In accordance with the recommendation of the German Corporate Governance Code, the Supervisory Board formed a Nomination Committee made up exclusively of shareholder representatives whose purpose it is to recommend suitable candidates to the Supervisory Board for its own recommendations to the Annual General Meeting. The Nomination Committee consists of Dr. Eckhard Cordes, Dr. John Feldmann and Udo Stark. The Committee met once in 2015.

The resolutions of the committees were made primarily in the meetings, but partly also in written procedures or through other methods of communication. The Chairmen of the Committees reported to the plenary session of the Supervisory Board on the work done in the committees they lead.

4. Annual General Meeting

The Annual General Meeting is to be convened at least once each year. The Executive Board presents to the Annual General Meeting certain documents, including the company and consolidated financial statements as well as the combined management report for Bilfinger SE and the Bilfinger Group. The Meeting decides on the appropriation of profits and on ratifying the actions of the Executive Board and the Supervisory Board, elects the members of the Supervisory Board representing the shareholders, and the external auditors. In addition, it makes decisions on amendments to the Articles of Incorporation and in certain other cases as specified by applicable law or the Articles of Incorporation. It can also make a non-binding vote on the system for the remuneration of Executive Board members. Each share grants entitlement to one vote in the Annual General Meeting.
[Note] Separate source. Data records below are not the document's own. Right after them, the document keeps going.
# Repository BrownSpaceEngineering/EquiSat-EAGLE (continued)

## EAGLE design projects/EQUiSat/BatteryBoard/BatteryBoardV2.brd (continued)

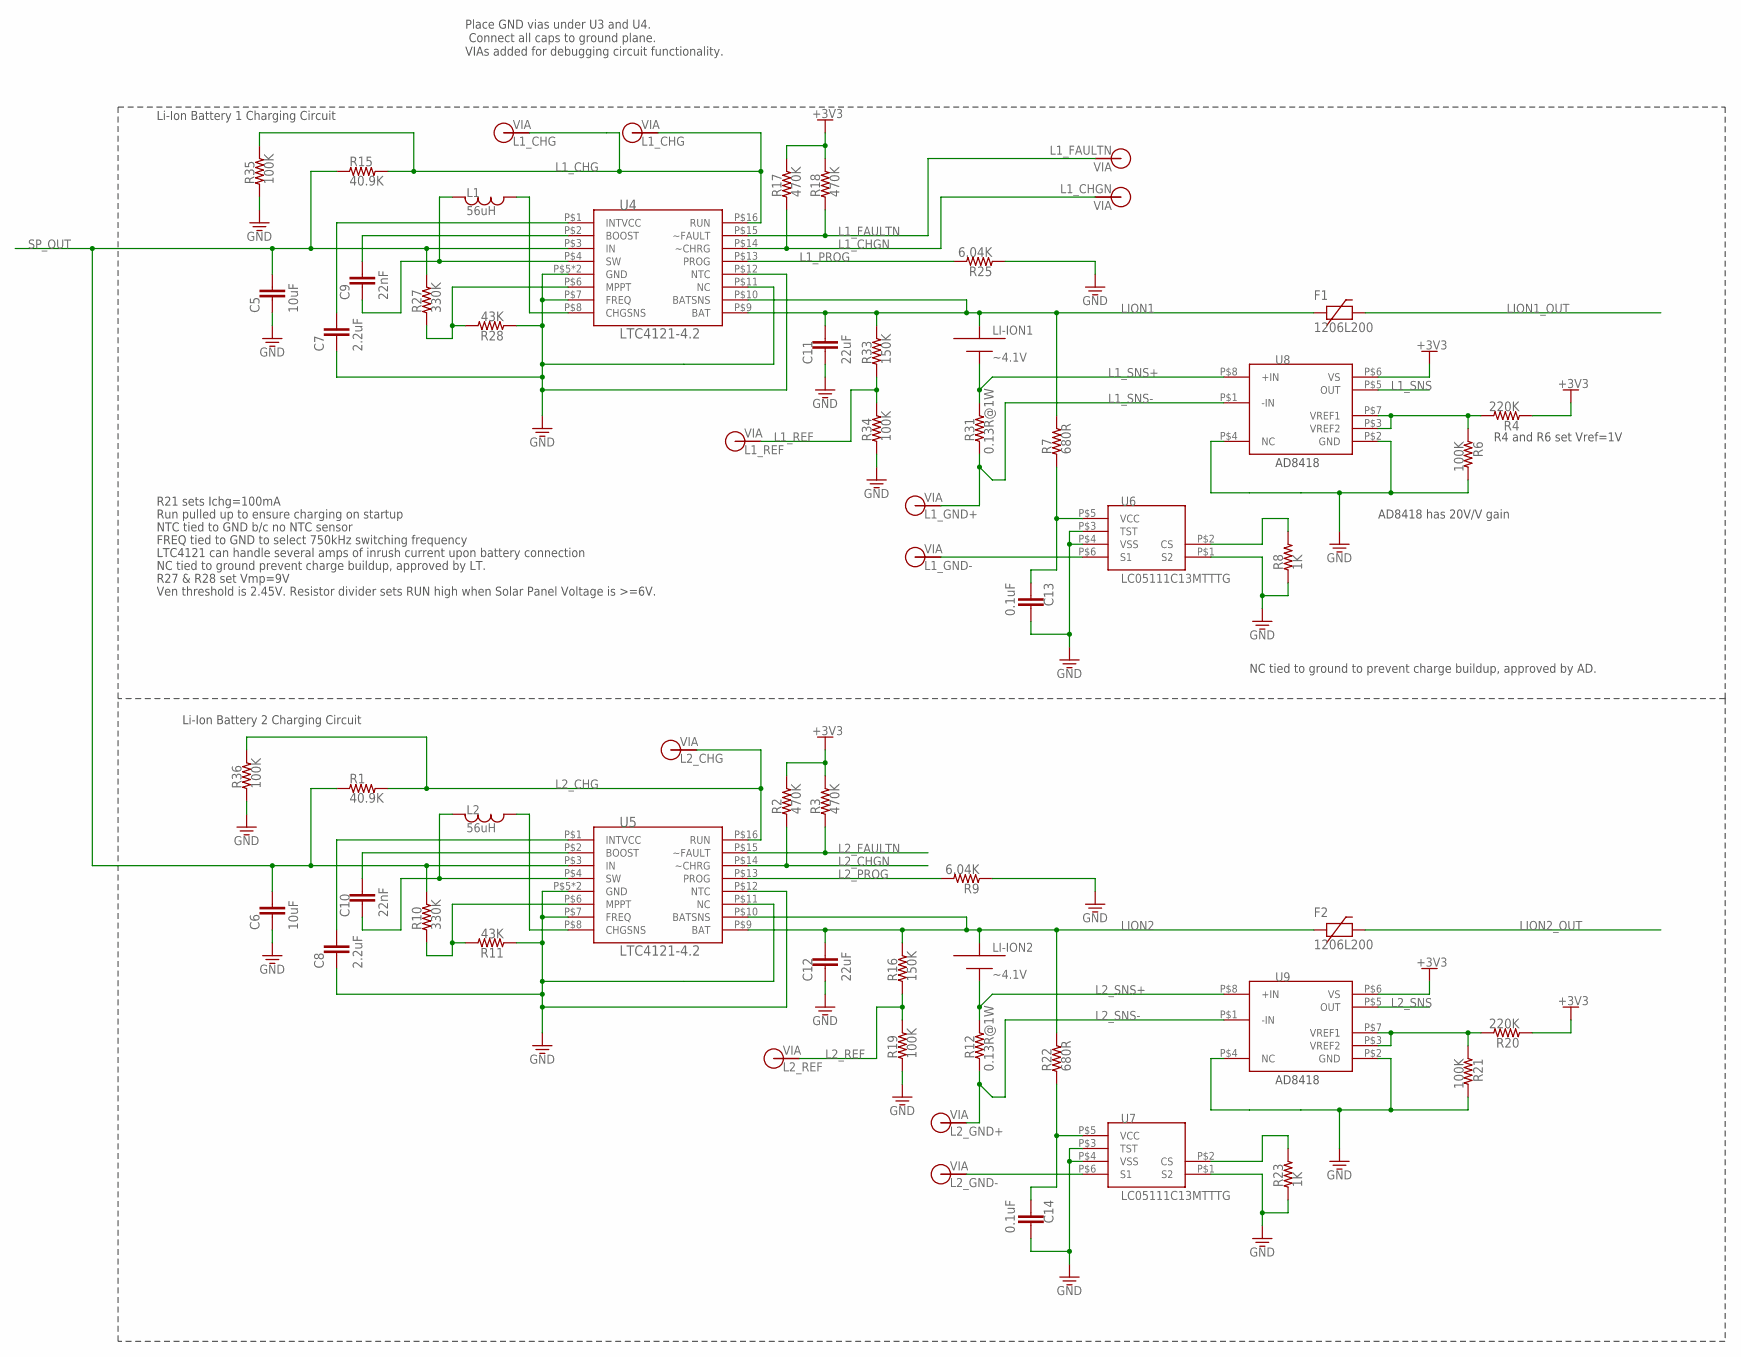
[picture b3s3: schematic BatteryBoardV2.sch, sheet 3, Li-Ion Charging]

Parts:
C5, C6: 10uF; 0805
C7, C8: 2.2uF; 0805
C9, C10: 22nF; 0805
C11, C12: 22uF; 0805
C13, C14: 0.1uF; 0805
F1, F2: 1206L200; 1206
L1, L2: 56uH; 1812
LI-ION1, LI-ION2: ~4.1V; EQUISAT-BATTERY-VA
R1, R15: 40.9K; 0805
R2, R3, R17, R18: 470K; 0805
R4, R20: 220K; 0805
R6, R19, R21, R34, R35, R36: 100K; 0805
R7, R22: 680R; 0805
R8, R23: 1K; 0805
R9, R25: 6.04K; 0805
R10, R27: 330K; 0805
R11, R28: 43K; 0805
R12, R31: 0.13R@1W; 1210
R16, R33: 150K; 0805
U4, U5: LTC4121-4.2; QFN-16-PAD
U6, U7: LC05111C13MTTTG; WDFN6
U8, U9: AD8418; MSOP-8
V20: L1_CHG; VIA-60MIL
V21: L1_REF; VIA-60MIL
V22: L1_GND+; VIA-60MIL
V23: L1_GND-; VIA-60MIL
V24: L2_GND+; VIA-60MIL
V25: L2_GND-; VIA-60MIL
V26: L1_FAULTN; VIA-60MIL-SQ
V27: L1_CHGN; VIA-60MIL-SQ
V31: L2_REF; VIA-60MIL
V33: L2_CHG; VIA-60MIL
V48: L1_CHG; VIA-60MIL-SQ

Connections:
+3V3: R2.2, R3.2, R4.1, R17.2, R18.2, R20.1, U8.P$6 (VS), U9.P$6 (VS); also elsewhere on the board
GND: C5.2, C6.2, C7.2, C8.2, C11.2, C12.2, C13.1, C14.1, R6.2, R8.1, R9.1, R11.1, R19.1, R21.2, R23.1, R25.1, R28.1, R34.1, R35.1, R36.1, U4.P$5 (GND), U4.P$7 (FREQ), U4.P$11 (NC), U4.P$12 (NTC), U4.P$17 (GND), U5.P$5 (GND), U5.P$7 (FREQ), U5.P$11 (NC), U5.P$12 (NTC), U5.P$17 (GND), U6.P$1 (S2), U6.P$3 (TST), U6.P$4 (VSS), U7.P$1 (S2), U7.P$3 (TST), U7.P$4 (VSS), U8.P$2 (GND), U8.P$4 (NC), U9.P$2 (GND), U9.P$4 (NC); also elsewhere on the board
L1_CHG: R15.2, R35.2, U4.P$16 (RUN), V20.P$1, V48.P$1
L1_CHGN: R17.1, U4.P$14 (~CHRG), V27.P$1; also elsewhere on the board
L1_FAULTN: R18.1, U4.P$15 (~FAULT), V26.P$1; also elsewhere on the board
L1_PROG: R25.2, U4.P$13 (PROG)
L1_REF: R33.1, R34.2, V21.P$1
L1_SNS: U8.P$5 (OUT); also elsewhere on the board
L1_SNS+: LI-ION1.MINUS, R31.P$2 (2), U8.P$8 (+IN)
L1_SNS-: R31.P$1 (1), U8.P$1 (-IN), V22.P$1
L2_CHG: R1.2, R36.2, U5.P$16 (RUN), V33.P$1
L2_CHGN: R2.1, U5.P$14 (~CHRG); also elsewhere on the board
L2_FAULTN: R3.1, U5.P$15 (~FAULT); also elsewhere on the board
L2_PROG: R9.2, U5.P$13 (PROG)
L2_REF: R16.1, R19.2, V31.P$1
L2_SNS: U9.P$5 (OUT); also elsewhere on the board
L2_SNS+: LI-ION2.MINUS, R12.P$2 (2), U9.P$8 (+IN)
L2_SNS-: R12.P$1 (1), U9.P$1 (-IN), V24.P$1
LION1: C11.1, F1.1, LI-ION1.PLUS, R7.2, R33.2, U4.P$9 (BAT), U4.P$10 (BATSNS)
LION1_OUT: F1.2; also elsewhere on the board
LION2: C12.1, F2.1, LI-ION2.PLUS, R16.2, R22.2, U5.P$9 (BAT), U5.P$10 (BATSNS)
LION2_OUT: F2.2; also elsewhere on the board
unnamed: C10.2, L2.P$1, U5.P$4 (SW)
unnamed: C9.2, L1.P$1, U4.P$4 (SW)
unnamed: C9.1, U4.P$2 (BOOST)
unnamed: C7.1, U4.P$1 (INTVCC)
unnamed: C10.1, U5.P$2 (BOOST)
unnamed: U6.P$6 (S1), V23.P$1
unnamed: C8.1, U5.P$1 (INTVCC)
unnamed: L1.P$2, U4.P$8 (CHGSNS)
unnamed: R27.1, R28.2, U4.P$6 (MPPT)
unnamed: R4.2, R6.1, U8.P$3 (VREF2), U8.P$7 (VREF1)
unnamed: C13.2, R7.1, U6.P$5 (VCC)
unnamed: R8.2, U6.P$2 (CS)
unnamed: R10.1, R11.2, U5.P$6 (MPPT)
unnamed: L2.P$2, U5.P$8 (CHGSNS)
unnamed: R20.2, R21.1, U9.P$3 (VREF2), U9.P$7 (VREF1)
unnamed: U7.P$6 (S1), V25.P$1
unnamed: R23.2, U7.P$2 (CS)
unnamed: C14.2, R22.1, U7.P$5 (VCC)
SP_OUT: C5.1, C6.1, R1.1, R10.2, R15.1, R27.2, U4.P$3 (IN), U5.P$3 (IN); also elsewhere on the board

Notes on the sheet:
FREQ tied to GND to select 750kHz switching frequency
R21 sets Ichg=100mA
R27 & R28 set Vmp=9V
Place GND vias under U3 and U4. Connect all caps to ground plane. VIAs added for debugging circuit functionality.
Li-Ion Battery 1 Charging Circuit
Li-Ion Battery 2 Charging Circuit
Run pulled up to ensure charging on startup
NTC tied to GND b/c no NTC sensor
LTC4121 can handle several amps of inrush current upon battery connection
NC tied to ground prevent charge buildup, approved by LT.
R4 and R6 set Vref=1V
NC tied to ground to prevent charge buildup, approved by AD.
AD8418 has 20V/V gain
Ven threshold is 2.45V. Resistor divider sets RUN high when Solar Panel Voltage is >=6V.

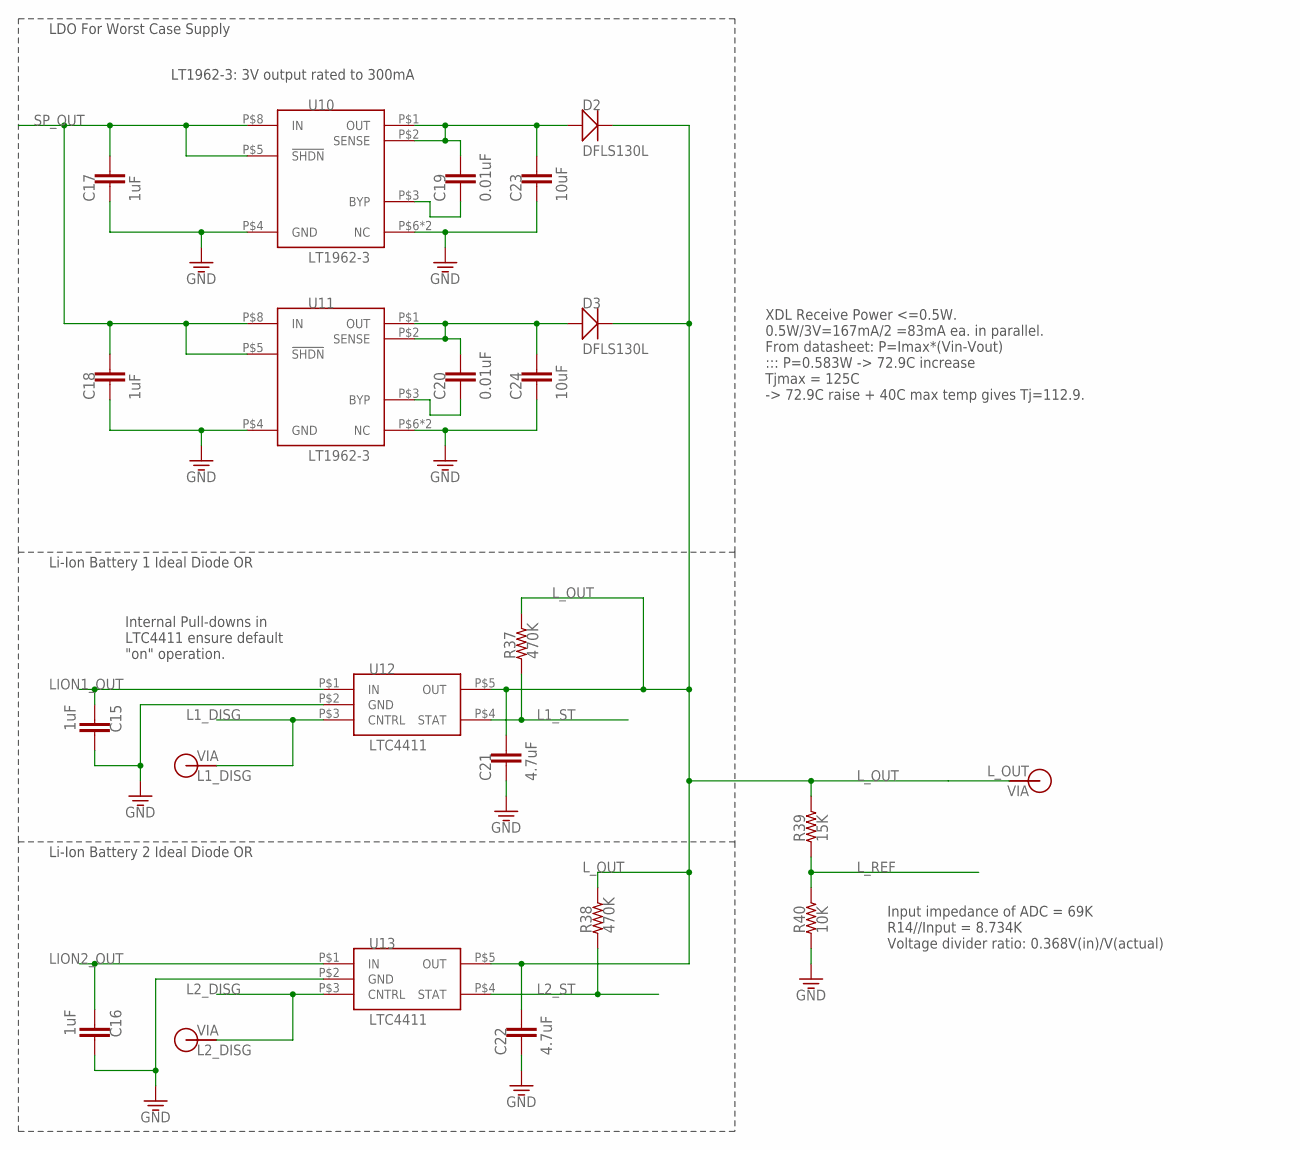
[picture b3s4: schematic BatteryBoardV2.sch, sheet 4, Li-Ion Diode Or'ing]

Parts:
C15, C16, C17, C18: 1uF; 0805
C19, C20: 0.01uF; 0805
C21, C22: 4.7uF; 0805
C23, C24: 10uF; 0805
D2, D3: DFLS130L; PWRDI-123
R37, R38: 470K; 0805
R39: 15K; 0805
R40: 10K; 0805
U10, U11: LT1962-3; MSOP-8
U12, U13: LTC4411; TSOT23-5
V29: L1_DISG; VIA-60MIL
V30: L2_DISG; VIA-60MIL
V34: L_OUT; VIA-120MIL

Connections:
GND: C15.1, C16.1, C17.2, C18.2, C21.2, C22.2, C23.2, C24.2, R40.1, U10.P$4 (GND), U10.P$6 (NC), U10.P$7 (NC), U11.P$4 (GND), U11.P$6 (NC), U11.P$7 (NC), U12.P$2 (GND), U13.P$2 (GND); also elsewhere on the board
L1_DISG: U12.P$3 (CNTRL), V29.P$1
L1_ST: R37.1, U12.P$4 (STAT); also elsewhere on the board
L2_DISG: U13.P$3 (CNTRL), V30.P$1
L2_ST: R38.1, U13.P$4 (STAT); also elsewhere on the board
LION1_OUT: C15.2, U12.P$1 (IN); also elsewhere on the board
LION2_OUT: C16.2, U13.P$1 (IN); also elsewhere on the board
L_OUT: C21.1, C22.1, D2.C, D3.C, R37.2, R38.2, R39.2, U12.P$5 (OUT), U13.P$5 (OUT), V34.P$1
L_REF: R39.1, R40.2; also elsewhere on the board
unnamed: C20.1, C24.1, D3.A, U11.P$1 (OUT), U11.P$2 (SENSE)
unnamed: C19.1, C23.1, D2.A, U10.P$1 (OUT), U10.P$2 (SENSE)
unnamed: C20.2, U11.P$3 (BYP)
unnamed: C19.2, U10.P$3 (BYP)
SP_OUT: C17.1, C18.1, U10.P$5 (!SHDN!), U10.P$8 (IN), U11.P$5 (!SHDN!), U11.P$8 (IN); also elsewhere on the board

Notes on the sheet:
Internal Pull-downs in LTC4411 ensure default "on" operation.
Li-Ion Battery 1 Ideal Diode OR
Li-Ion Battery 2 Ideal Diode OR
LDO For Worst Case Supply
LT1962-3: 3V output rated to 300mA
XDL Receive Power <=0.5W. 0.5W/3V=167mA/2 =83mA ea. in parallel. From datasheet: P=Imax*(Vin-Vout) ::: P=0.583W -> 72.9C increase Tjmax = 125C -> 72.9C raise + 40C max temp gives Tj=112.9.
Input impedance of ADC = 69K R14//Input = 8.734K Voltage divider ratio: 0.368V(in)/V(actual)

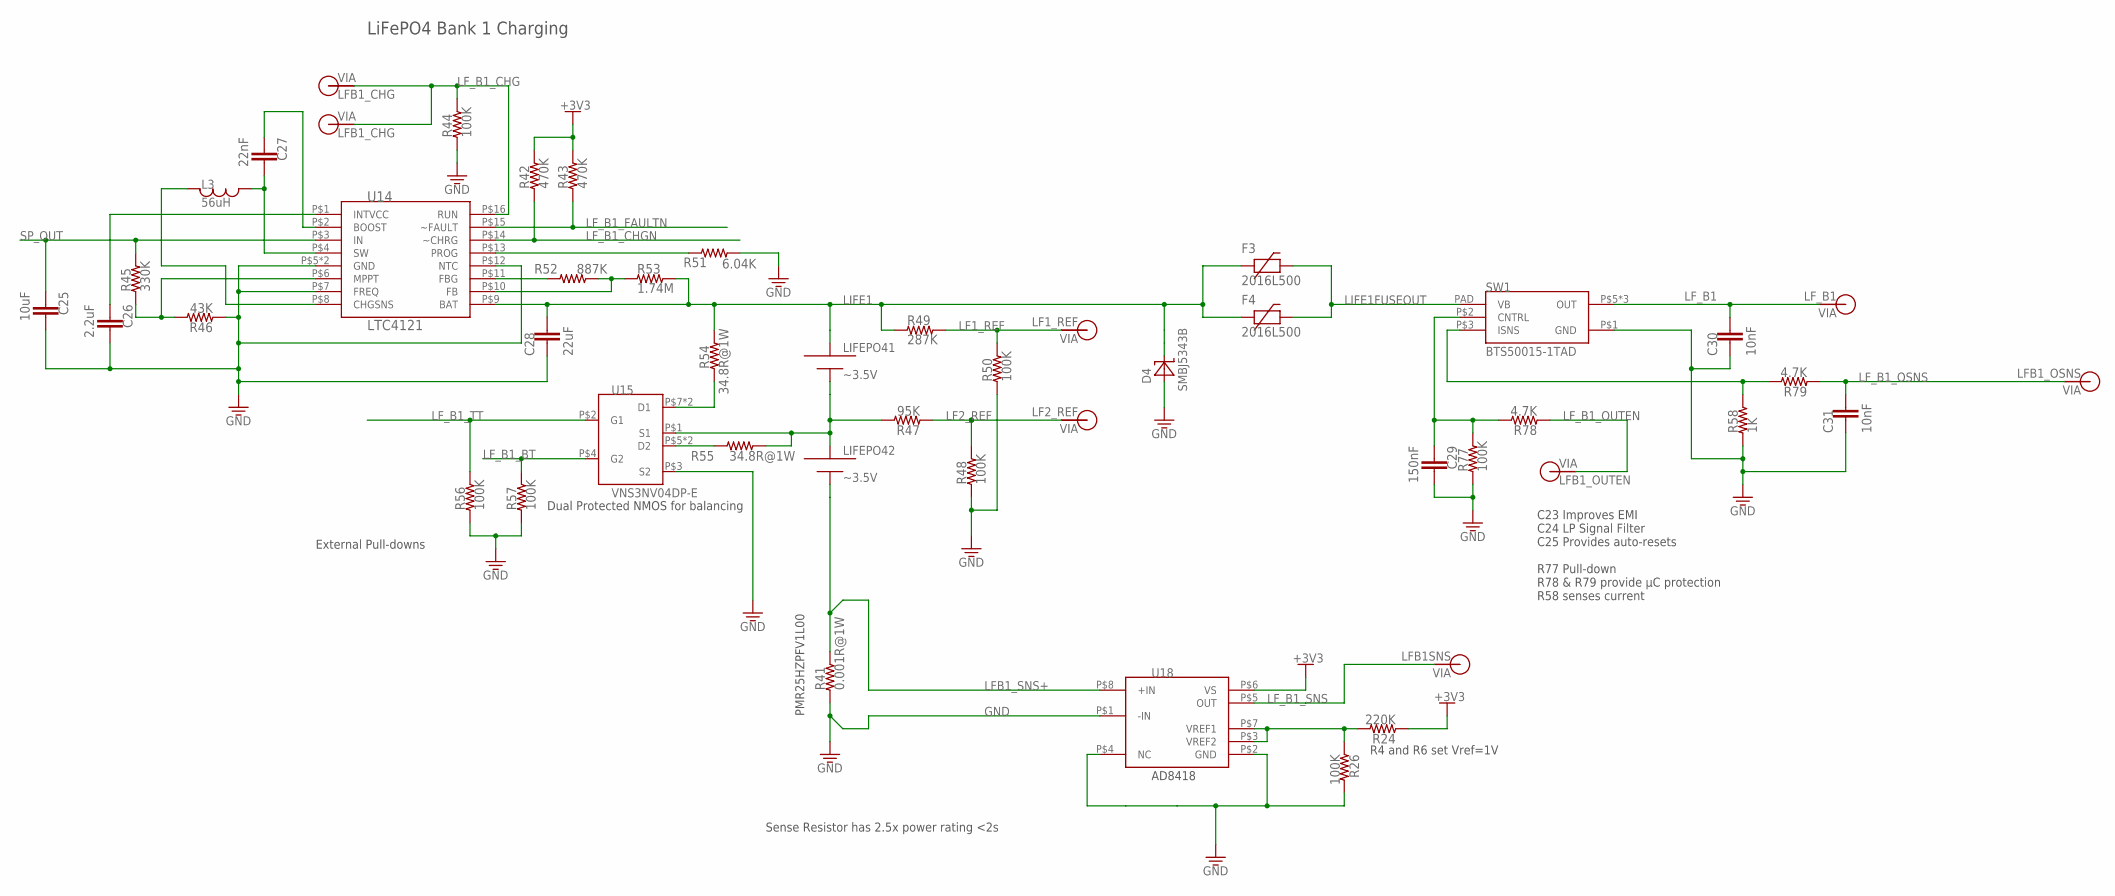
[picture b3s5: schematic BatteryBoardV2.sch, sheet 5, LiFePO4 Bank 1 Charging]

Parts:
C25: 10uF; 0805
C26: 2.2uF; 0805
C27: 22nF; 0805
C28: 22uF; 0805
C29: 150nF; 0805
C30, C31: 10nF; 0805
D4: SMBJ5343B; DO214AA
F3, F4: 2016L500; 2016
L3: 56uH; 1812
LIFEPO41: ~3.5V; EQUISAT-BATTERY-VA
LIFEPO42: ~3.5V; EQUISAT-BATTERY-VB
R24: 220K; 0805
R26, R44, R48, R50, R56, R57, R77: 100K; 0805
R41: 0.001R@1W; 1210
R42, R43: 470K; 0805
R45: 330K; 0805
R46: 43K; 0805
R47: 95K; 0805
R49: 287K; 0805
R51: 6.04K; 0805
R52: 887K; 0805
R53: 1.74M; 0805
R54, R55: 34.8R@1W; 1210
R58: 1K; 0805
R78, R79: 4.7K; 0805
SW1: BTS50015-1TAD; TO-263-7-8
U14: LTC4121; QFN-16-PAD
U15: VNS3NV04DP-E; SO-8
U18: AD8418; MSOP-8
V32: LFB1_CHG; VIA-60MIL-SQ
V35: LFB1_CHG; VIA-60MIL
V40: LFB1SNS; VIA-60MIL
V41: LF1_REF; VIA-60MIL
V42: LF2_REF; VIA-60MIL
V43: LFB1_OUTEN; VIA-60MIL
V45: LF_B1; VIA-120MIL
V46: LFB1_OSNS; VIA-60MIL

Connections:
+3V3: R24.1, R42.2, R43.2, U18.P$6 (VS); also elsewhere on the board
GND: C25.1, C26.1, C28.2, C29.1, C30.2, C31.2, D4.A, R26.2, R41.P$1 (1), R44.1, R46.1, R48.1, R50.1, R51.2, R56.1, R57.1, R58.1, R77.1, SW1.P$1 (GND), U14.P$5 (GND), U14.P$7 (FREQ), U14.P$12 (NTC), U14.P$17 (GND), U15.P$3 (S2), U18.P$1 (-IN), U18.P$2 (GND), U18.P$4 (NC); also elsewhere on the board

5. Law on the equal participation of men and women in management positions in the private sector and in the civil service

On May 1, 2015, the legislation on the equal participation of women and men in management positions in the private sector and in the civil service came into effect. Based on the legislation, Bilfinger SE has set the following targets for the period until June 30, 2017:

Supervisory Board

For new appointments to the Supervisory Board, with regard to the fixed gender quota of 30 percent that is to be met, the Supervisory Board is following the goal of filling the quota equally. In the reference period since the legislation came into effect, the share of women in the Supervisory Board has remained unchanged at eight percent. A new appointment is planned within the framework of the Annual General Meeting 2016.

Executive Board

As a target for the share of women in the Executive Board, the Supervisory Board has agreed that there will continue to be no female members until June 30, 2017. If a vacancy should become available, the Supervisory Board will however try to find an appropriately qualified woman, who would be suitable for the Executive Board. In the reporting period there were no female members of the Executive Board.

Management level 1 below the Executive Board

Management level 1 includes employees, who belong to management levels 1 and 1a, in accordance with the internal company definition. The Executive Board has decided to reach a target of an eight percent share of women in management level 1. On June 30, 2015, this share was at four percent. This was the decisive date for the definition of the target.

Management level 2 below the Executive Board

Management level 2 includes employees, who belong to management levels 2, in accordance with the internal company definition. The Executive Board has decided to reach a target of a ten percent share of women in management level 2. On June 30, 2015, this share was at six percent. This was the decisive date for the definition of the target.

 6. Corporate Governance Report

The Executive Board and Supervisory Board, in accordance with the requirements of the German Corporate Governance Code, prepare for the Annual Report a corporate governance report on the corporate governance of the company. It will be published in the Internet on March 16, 2016 as part of the Annual Report 2015.